Read more: Who is Boris Johnson, Britain's next prime minister?

That role, the UK's finance minister, was vacated by Philip Hammond who said he would not countenance working with Johnson.

May's Justice Secretary David Gauke, International Development Secretary Rory Stewart and May's de-facto deputy, David Lidington, also resigned after Johnson took charge. Gauke and Stewart both said they would rather leave than sanction a no-deal scenario, while Lidington said it was "the right time to go."

Prominent members of the "Back Boris" leadership campaign Liz Truss and Gavin Williamson both returned to government, with the portfolios for trade and education respectively.

Health Secretary Matt Hancock and Work and Pensions Secretary Amber Rudd were among the few ministers who backed Remain — to stay in the EU — in the 2016 referendum who have kept their jobs.

The Vote Leave alumni

Two of the most notable jobs on the sidelines went to key allies of Johnson as members of the Vote Leave campaign in the 2016 referendum.

Environment Secretary Michael Gove was moved to the Cabinet Office, where he will be close to negotiations in preparation for a no-deal Brexit. The fact that Gove retains a place in cabinet was seen as surprising by some, given that he was responsible for derailing Johnson’s post-referendum leadership bid in 2016, before standing for the leadership himself.

Johnson is also due to appoint former Vote Leave strategist Dominic Cummings as one of his senior advisers.
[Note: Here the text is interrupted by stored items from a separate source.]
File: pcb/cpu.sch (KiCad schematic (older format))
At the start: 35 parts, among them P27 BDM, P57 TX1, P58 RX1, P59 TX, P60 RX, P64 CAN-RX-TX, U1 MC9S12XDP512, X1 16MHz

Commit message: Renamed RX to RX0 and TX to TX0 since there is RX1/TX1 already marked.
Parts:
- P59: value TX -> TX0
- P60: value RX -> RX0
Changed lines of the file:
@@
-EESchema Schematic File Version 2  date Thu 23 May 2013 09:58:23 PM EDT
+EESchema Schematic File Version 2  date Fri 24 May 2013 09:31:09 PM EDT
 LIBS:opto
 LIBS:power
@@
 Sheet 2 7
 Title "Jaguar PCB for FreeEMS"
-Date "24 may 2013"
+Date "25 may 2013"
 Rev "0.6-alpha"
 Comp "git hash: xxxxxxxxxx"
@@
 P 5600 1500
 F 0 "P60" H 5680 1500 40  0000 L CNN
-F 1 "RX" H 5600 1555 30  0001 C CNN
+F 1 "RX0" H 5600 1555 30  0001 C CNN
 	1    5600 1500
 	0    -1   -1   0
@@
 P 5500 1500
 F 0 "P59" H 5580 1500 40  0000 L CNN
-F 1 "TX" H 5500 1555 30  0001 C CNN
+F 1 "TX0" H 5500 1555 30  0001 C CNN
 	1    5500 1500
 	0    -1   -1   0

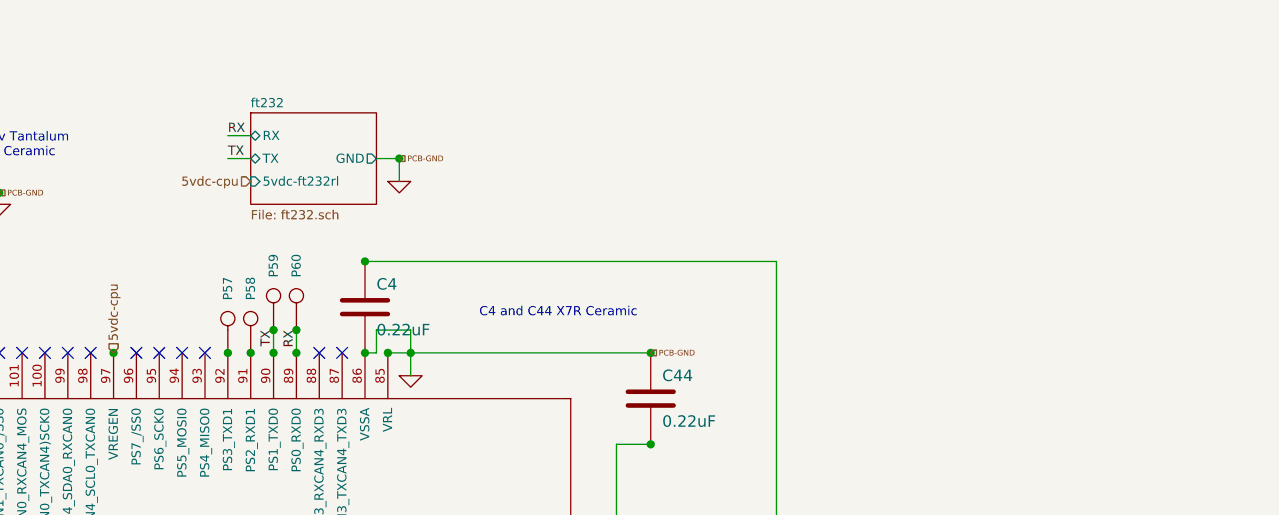
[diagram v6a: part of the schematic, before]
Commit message: Changed RX0/TX0 to a 0.100" 2-pin header for those that want to experiment with TTL serial devices other than the FTDI USB IC.
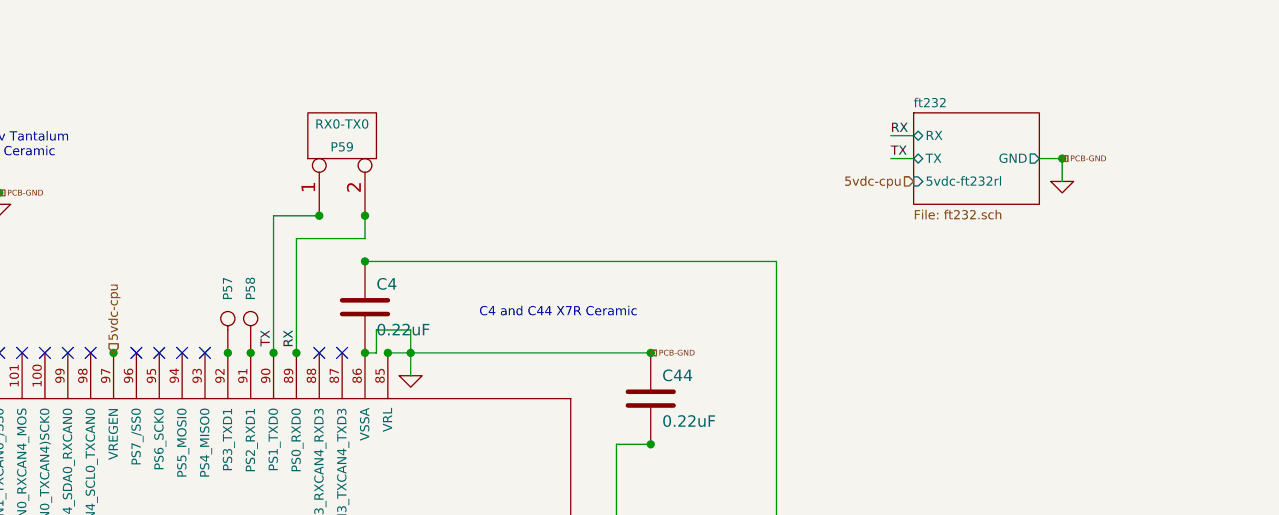
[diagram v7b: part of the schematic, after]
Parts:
- removed P59: TX0, symbol CONN_1
- removed P60: RX0, symbol CONN_1
- added P59: RX0-TX0, symbol CONN_2
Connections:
- wire segments 85 -> 88
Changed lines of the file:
@@
-EESchema Schematic File Version 2  date Fri 24 May 2013 09:46:28 PM EDT
+EESchema Schematic File Version 2  date Fri 24 May 2013 09:53:21 PM EDT
 LIBS:opto
 LIBS:power
@@
 Comment4 ""
 $EndDescr
+Connection ~ 5700 1150
+Connection ~ 5900 1150
+Wire Wire Line
+	5500 1150 5700 1150
+Wire Wire Line
+	5500 1750 5500 1150
 Connection ~ 4200 1650
 Connection ~ 4000 1650
@@
 Wire Wire Line
 	4100 7700 4100 7500
-Connection ~ 6050 900
+Connection ~ 8950 900
 Connection ~ 1700 7000
 Connection ~ 1250 6550
@@
 	7000 2850 7700 2850
 Wire Wire Line
-	6050 1000 6050 900
+	8950 1000 8950 900
 Wire Notes Line
 	2150 6350 2150 7700
@@
 	2200 4050 1450 4050
 Wire Wire Line
-	5500 1750 5500 1650
-Wire Wire Line
-	5400 800  5300 800
+	8300 800  8200 800
 Connection ~ 8400 6350
 Wire Wire Line
-	5400 900  5300 900
-Wire Wire Line
-	5600 1750 5600 1650
+	8300 900  8200 900
 Connection ~ 1600 7050
 Connection ~ 1600 7150
@@
 	1600 7400 1600 7250
 Wire Wire Line
-	6050 900  5950 900
+	8950 900  8850 900
 Wire Wire Line
 	7700 2850 7700 1350
@@
 Connection ~ 5400 1750
 Connection ~ 5300 1750
-Connection ~ 5500 1650
-Connection ~ 5600 1650
 Connection ~ 2200 4450
 Connection ~ 2200 4550
@@
 Wire Wire Line
 	4100 1650 4200 1650
+Wire Wire Line
+	5600 1750 5600 1250
+Wire Wire Line
+	5600 1250 5900 1250
+Wire Wire Line
+	5900 1250 5900 1150
+$Comp
+L CONN_2 P59
+U 1 1 51A0194D
+P 5800 800
+F 0 "P59" V 5750 800 40  0000 C CNN
+F 1 "RX0-TX0" V 5850 800 40  0000 C CNN
+	1    5800 800
+	0    -1   -1   0
+$EndComp
 $Comp
 L CONN_2 P64
@@
 Fan-PK4
 $Comp
-L CONN_1 P60
-U 1 1 505D2CE4
-P 5600 1500
-F 0 "P60" H 5680 1500 40  0000 L CNN
-F 1 "RX0" H 5600 1555 30  0001 C CNN
-	1    5600 1500
-	0    -1   -1   0
-$EndComp
-$Comp
-L CONN_1 P59
-U 1 1 505D2CDB
-P 5500 1500
-F 0 "P59" H 5580 1500 40  0000 L CNN
-F 1 "TX0" H 5500 1555 30  0001 C CNN
-	1    5500 1500
-	0    -1   -1   0
-$EndComp
-$Comp
 L CONN_1 P57
 U 1 1 505D24DB
@@
 Text HLabel 7150 1750 2    25   Input ~ 0
 PCB-GND
-Text HLabel 6050 900  2    25   Input ~ 0
+Text HLabel 8950 900  2    25   Input ~ 0
 PCB-GND
 Text HLabel 4300 1050 2    25   Input ~ 0
@@
 Text HLabel 3800 7500 0    40   Input ~ 0
 5vdc-cpu
-Text HLabel 5400 1000 0    40   Input ~ 0
+Text HLabel 8300 1000 0    40   Input ~ 0
 5vdc-cpu
 $Comp
@@
 L GND #PWR08
 U 1 1 4F1C287C
-P 6050 1000
-F 0 "#PWR08" H 6050 1000 30  0001 C CNN
-F 1 "GND" H 6050 930 30  0001 C CNN
-	1    6050 1000
+P 8950 1000
+F 0 "#PWR08" H 8950 1000 30  0001 C CNN
+F 1 "GND" H 8950 930 30  0001 C CNN
+	1    8950 1000
 	1    0    0    -1
 $EndComp
@@
 NoConn ~ 4700 1750
 $Sheet
-S 5400 700  550  400
+S 8300 700  550  400
 U 4F0A3F95
 F0 "ft232" 40
 F1 "ft232.sch" 40
-F2 "RX" B L 5400 800 40
-F3 "TX" B L 5400 900 40
-F4 "GND" O R 5950 900 40
-F5 "5vdc-ft232rl" I L 5400 1000 40
+F2 "RX" B L 8300 800 40
+F3 "TX" B L 8300 900 40
+F4 "GND" O R 8850 900 40
+F5 "5vdc-ft232rl" I L 8300 1000 40
 $EndSheet
 NoConn ~ 2200 3250
@@
 	-1   0    0    1
 $EndComp
-Text Label 5300 900  0    40   ~ 0
+Text Label 8200 900  0    40   ~ 0
 TX
-Text Label 5300 800  0    40   ~ 0
+Text Label 8200 800  0    40   ~ 0
 RX
 Text Label 5600 1650 3    40   ~ 0

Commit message: Removed polyswitch_smd library as it isn't needed after I changed F1 component to a different type to match F2.
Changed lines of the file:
@@
-EESchema Schematic File Version 2  date Fri 24 May 2013 09:53:21 PM EDT
+EESchema Schematic File Version 2  date Wed 29 May 2013 06:21:31 PM EDT
 LIBS:opto
 LIBS:power
 LIBS:conn
 LIBS:transistors
-LIBS:polyswitch_smd
 LIBS:device
 LIBS:Jaguar
@@
 Sheet 2 7
 Title "Jaguar PCB for FreeEMS"
-Date "25 may 2013"
+Date "29 may 2013"
 Rev "0.6-alpha"
 Comp "git hash: xxxxxxxxxx"
@@
 Connection ~ 5900 1150
 Wire Wire Line
-	5500 1150 5700 1150
+	5700 1150 5500 1150
 Wire Wire Line
-	5500 1750 5500 1150
+	5500 1150 5500 1750
 Connection ~ 4200 1650
 Connection ~ 4000 1650

Cummings is widely seen as the man who helped deliver the 52-48 percent vote in favor of leaving the EU.

The job announcements followed May's departure from office, which saw her give a speech in Downing Street, and Johnson's appointment by Queen Elizabeth II. On the way to the palace, the incoming prime minister's motorcade was briefly delayed by climate change protesters.

Upon leaving the palace, Johnson gave a speech in which he repeated his promise to deliver Brexit by October 31. The new premier optimistically pledged to get "a new deal, a better deal" with the EU than the one secured by May, which was rejected by the UK parliament on three separate occasions.